Homeowner has home (built 1991) with 4 copper roofed bay windows that are very unevenly weathered. Two have whiteish stains. Owner wants them painted to match new dark colored aluminum gutter. How can this be done to get good, relatively long lasting results? Best kind/brand of paint? Any surface prep recommended?


----------



## vermontpainter (Dec 24, 2007)

There's something you don't see every day.


----------



## bigjeffie61520 (Oct 3, 2009)

*http://www.painttalk.com/f16/painting-copper-roof-5688/*

http://www.painttalk.com/f16/painting-copper-roof-5688/


----------



## NaeGan (Jun 16, 2010)

I may be inclined to find a rep who deals with automotive or industrial paints. I imagine you will need an etching primer for non-ferrous metals. Kind of like when you paint galvanized metal on a truck you have to use that kind of greenish yellow primer. I think it's zinc oxide primer.
This is not the same primer for copper, but you will need an etching primer. I could be wrong, but I imagine this would be your best route.


----------



## aaron61 (Apr 29, 2007)

Run Forest Run!!


----------



## TheRogueBristle (Mar 19, 2010)

Painting copper? Blasphemy! And I make my money applying paint. 

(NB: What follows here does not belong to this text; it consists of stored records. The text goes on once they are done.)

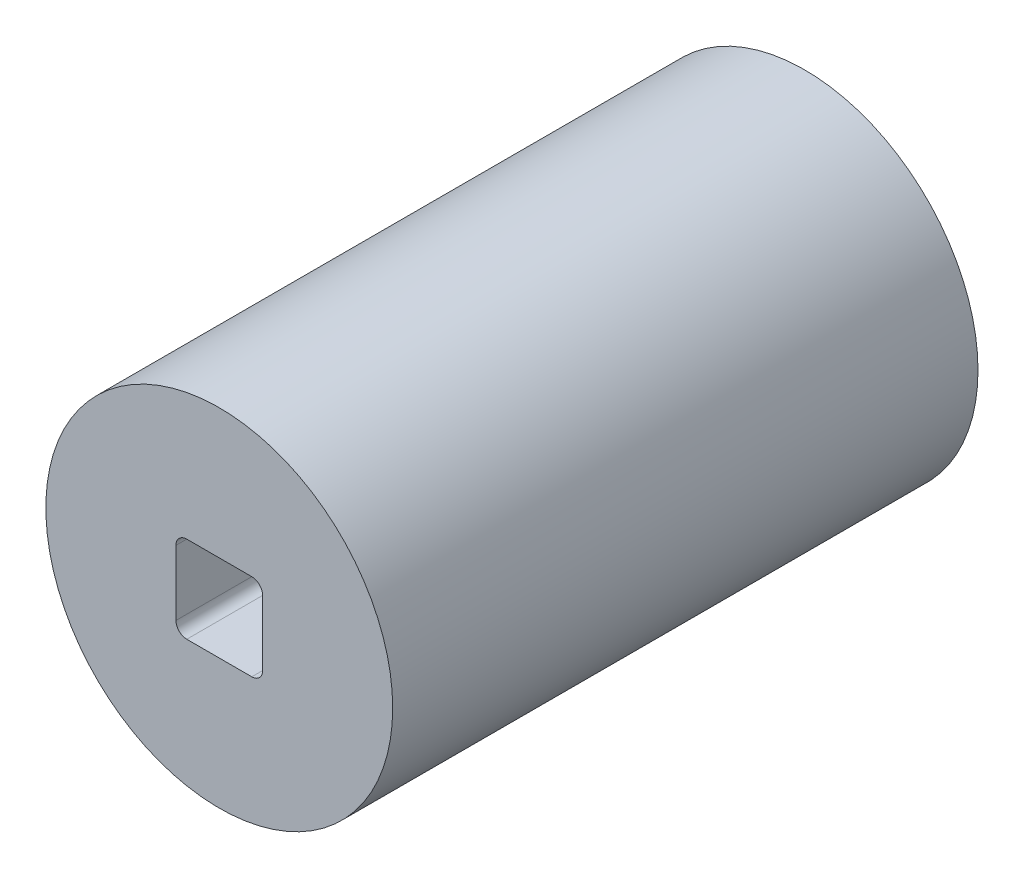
from build123d import *

# Parameters (mm, degrees)
SKETCH1_R           = 406.4
BOSS_EXTRUDE1_DEPTH = 1371.6
CUT_EXTRUDE1_DEPTH  = 1330.325
CUT_EXTRUDE2_DEPTH  = 19.05


with BuildPart() as part:
    # Sketch1 → Boss-Extrude1 (new body)
    with BuildSketch(Plane(origin=(0, 0, 0), x_dir=(0, 1, 0), z_dir=(0, 0, 1))):
        with Locations(Location((0, 0, 0), (0, 0, 270))):
            Circle(SKETCH1_R)
    extrude(amount=-BOSS_EXTRUDE1_DEPTH)

    # Sketch3 → Cut-Extrude1 (cut)
    # profile 1 of 2: a face of its own
    with BuildSketch(Plane(origin=(0, 0, 0), x_dir=(0, 1, 0), z_dir=(0, 0, 1))):
        with BuildLine():
            Line((76.2, 101.6), (-76.2, 101.6))
            ThreePointArc((-76.2, 101.6), (-94.160512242, 94.160512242), (-101.6, 76.2))
            Line((-101.6, 76.2), (-101.6, -76.2))
            ThreePointArc((-101.6, -76.2), (-94.160512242, -94.160512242), (-76.2, -101.6))
            Line((-76.2, -101.6), (76.2, -101.6))
            ThreePointArc((76.2, -101.6), (94.160512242, -94.160512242), (101.6, -76.2))
            Line((101.6, -76.2), (101.6, 76.2))
            ThreePointArc((101.6, 76.2), (94.160512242, 94.160512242), (76.2, 101.6))
        make_face()
        with BuildLine():
            ThreePointArc((-88.9, -76.2), (-85.180256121, -85.180256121), (-76.2, -88.9))
            Line((-76.2, -88.9), (76.2, -88.9))
            ThreePointArc((76.2, -88.9), (85.180256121, -85.180256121), (88.9, -76.2))
            Line((88.9, -76.2), (88.9, 76.2))
            ThreePointArc((88.9, 76.2), (85.180256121, 85.180256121), (76.2, 88.9))
            Line((76.2, 88.9), (-76.2, 88.9))
            ThreePointArc((-76.2, 88.9), (-85.180256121, 85.180256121), (-88.9, 76.2))
            Line((-88.9, 76.2), (-88.9, -76.2))
        make_face(mode=Mode.SUBTRACT)
    # profile 2 of 2: a face of its own
    with BuildSketch(Plane(origin=(0, 0, 0), x_dir=(0, 1, 0), z_dir=(0, 0, 1))):
        with BuildLine():
            Line((-88.9, -76.2), (-88.9, 76.2))
            ThreePointArc((-88.9, 76.2), (-85.180256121, 85.180256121), (-76.2, 88.9))
            Line((-76.2, 88.9), (76.2, 88.9))
            ThreePointArc((76.2, 88.9), (85.180256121, 85.180256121), (88.9, 76.2))
            Line((88.9, 76.2), (88.9, -76.2))
            ThreePointArc((88.9, -76.2), (85.180256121, -85.180256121), (76.2, -88.9))
            Line((76.2, -88.9), (-76.2, -88.9))
            ThreePointArc((-76.2, -88.9), (-85.180256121, -85.180256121), (-88.9, -76.2))
        make_face()
    extrude(amount=-CUT_EXTRUDE1_DEPTH, mode=Mode.SUBTRACT)

    # Sketch4 → Cut-Extrude2 (cut)
    with BuildSketch(Plane(origin=(0, 0, -1330.325), x_dir=(0, -1, 0), z_dir=(0, 0, 1))):
        Polygon((131.982271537, -228.6), (263.964543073, 0), (131.982271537, 228.6), (-131.982271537, 228.6), (-263.964543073, 0), (-131.982271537, -228.6), align=None)
    extrude(amount=CUT_EXTRUDE2_DEPTH, mode=Mode.SUBTRACT)


solid = part.part
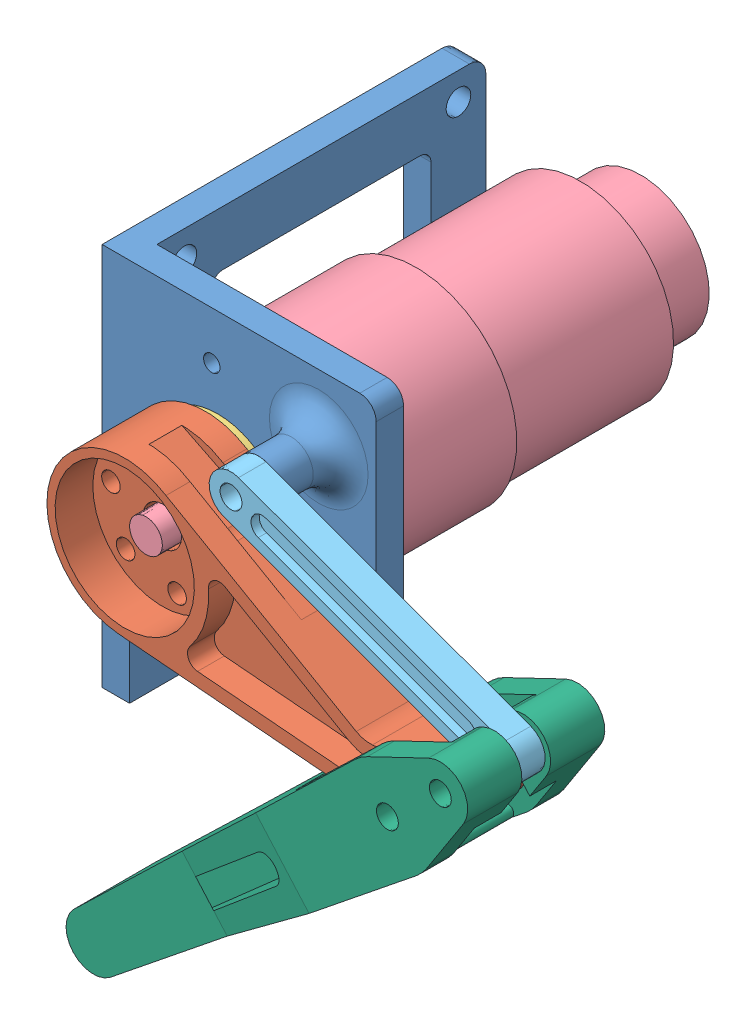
SolidWorks assembly Leg Assembly.SLDASM, configuration Default (file format 4700). Lengths in mm.
Overall size (97.2 105.25 94.13).
6 component instances, 6 part files, 13 mates.
Components (placement in the parent):
- Base-1: Base.SLDPRT [Default] at origin size (50 70 76)
- Thigh-1: Thigh.SLDPRT [Default] at (-1.709 -11.6035 11) x (0.999377 -0.035291 0) z (0 0 1) size (73.28 31.08 14.75)
- Hub-1: Hub.SLDPRT [Default] at (0 0 14) x (-0.929157 -0.369686 0) z (0 0 -1) size (25.4 25.4 9.14)
- Motor-1: Motor.SLDPRT [Default] at (5.2515 4.6283 -52) x (-0.750216 -0.661193 0) z (0 0 1) size (36.8 36.8 85)
- Link-1: Link.SLDPRT [Default] at (14.5161 12.8487 16) x (0.939509 -0.342524 0) z (0 0 1) size (59.42 8 5)
- Shin-1: Shin.SLDPRT [Default] at (53.1666 -13.2798 6.125) x (-0.750084 -0.661343 0) z (0 0 1) size (101.03 17 25)
Mates (geometry in assembly coordinates):
- Concentric1: concentric aligned: cylinder of Base-1 through (0 0 0) axis (0 0 -1) radius 6.5; cylinder of Motor-1 through (0 0 22) axis (0 0 -1) radius 3
- Concentric2: concentric anti-aligned: cylinder of Base-1 through (-4.997 16.2567 0) axis (0 0 -1) radius 1.5; cylinder of Motor-1 through (-4.997 16.2567 0) axis (0 0 1) radius 1.5
- Coincident1: coincident anti-aligned: plane of Base-1 through (-20 25 0) normal (0 0 -1); plane of Motor-1 through (-8.5525 -7.5376 0) normal (0 0 1)
- Concentric4: concentric anti-aligned: cylinder of Hub-1 through (0 0 5.106) axis (0 0 1) radius 2.9845; cylinder of Motor-1 through (0 0 22) axis (0 0 -1) radius 3
- Concentric6: concentric aligned: cylinder of Base-1 through (14.5161 12.8487 16) axis (0 0 -1) radius 1.6618; cylinder of Link-1 through (14.5161 12.8487 16) axis (0 0 -1) radius 2
- Coincident2: coincident anti-aligned: plane of Base-1 through (14.5161 12.8487 16) normal (0 0 1); plane of Link-1 through (14.5161 12.8487 16) normal (0 0 -1)
- Concentric7: concentric anti-aligned: cylinder of Thigh-1 through (0 0 11.25) axis (0 0 -1) radius 12.8; cylinder of Hub-1 through (0 0 9.17) axis (0 0 1) radius 12.7
- Coincident3: coincident anti-aligned: plane of Thigh-1 through (3.4978 -0.1235 14.25) normal (0 0 -1); plane of Hub-1 through (0 0 14.25) normal (0 0 1)
- Concentric8: concentric aligned: cylinder of Link-1 through (62.8253 -4.7638 16) axis (0 0 -1) radius 2; cylinder of Shin-1 through (62.8253 -4.7638 21.25) axis (0 0 -1) radius 2
- Coincident4: coincident anti-aligned: plane of Link-1 through (14.5161 12.8487 16) normal (0 0 -1); plane of Shin-1 through (62.8253 -4.7638 16) normal (0 0 1)
- Concentric9: concentric aligned: cylinder of Thigh-1 through (53.1666 -13.2798 11.25) axis (0 0 -1) radius 2; cylinder of Shin-1 through (53.1666 -13.2798 26.125) axis (0 0 -1) radius 2
- Coincident5: coincident anti-aligned: plane of Thigh-1 through (62.5477 -22.7763 11.125) normal (0 0 -1); plane of Shin-1 through (76.3586 -26.1612 11.125) normal (0 0 1)
- Tangent1: tangent anti-aligned: cylinder of Thigh-1 through (54.6008 -4.6681 26.25) axis (0 0 -1) radius 5.4803; plane of Link-1

Maybe there's some type of acid etch that would get it closer to the gutter color without painting?


----------



## Workaholic (Apr 17, 2007)

IMO painting the copper is a mistake not only for adhesion issues but for ruining the beauty of patina.


----------



## bigjeffie61520 (Oct 3, 2009)

but the customer wants it...

real shame huh?

i knew a stone mason who spent three years crafting a library exterior for a wealthy client

when he finally finished, they painted it

makes me cry, and it wasnt even my work


----------



## fungku (Jun 26, 2008)

I would run unless desperate... f' that... ruining something nice...


----------



## ewingpainting.net (Jun 2, 2008)

I'd paint it. No problem, what's the big deal? 
.
I had the honor on painting the inside of Bob Hopes House. He has a copper roof. We didn't paint the roof because our work was through a GC. A year prior to his death they had it painted brown.


----------



## ewingpainting.net (Jun 2, 2008)

Here's a closer view of the roof 








I know the rep that may have supplied the paint. I will ask him Monday.


----------



## jacob33 (Jun 2, 2009)

thats a lot of copper I wonder what that cost. There was a house here that had a 150,000 copper roof, just material and it was a lot smaller than that. Crazy.


----------



## NACE (May 16, 2008)

www.copper.org. You will find their spec here.


----------



## jsr65 (Jul 24, 2010)

fungku said:


> I would run unless desperate... f' that... ruining something nice...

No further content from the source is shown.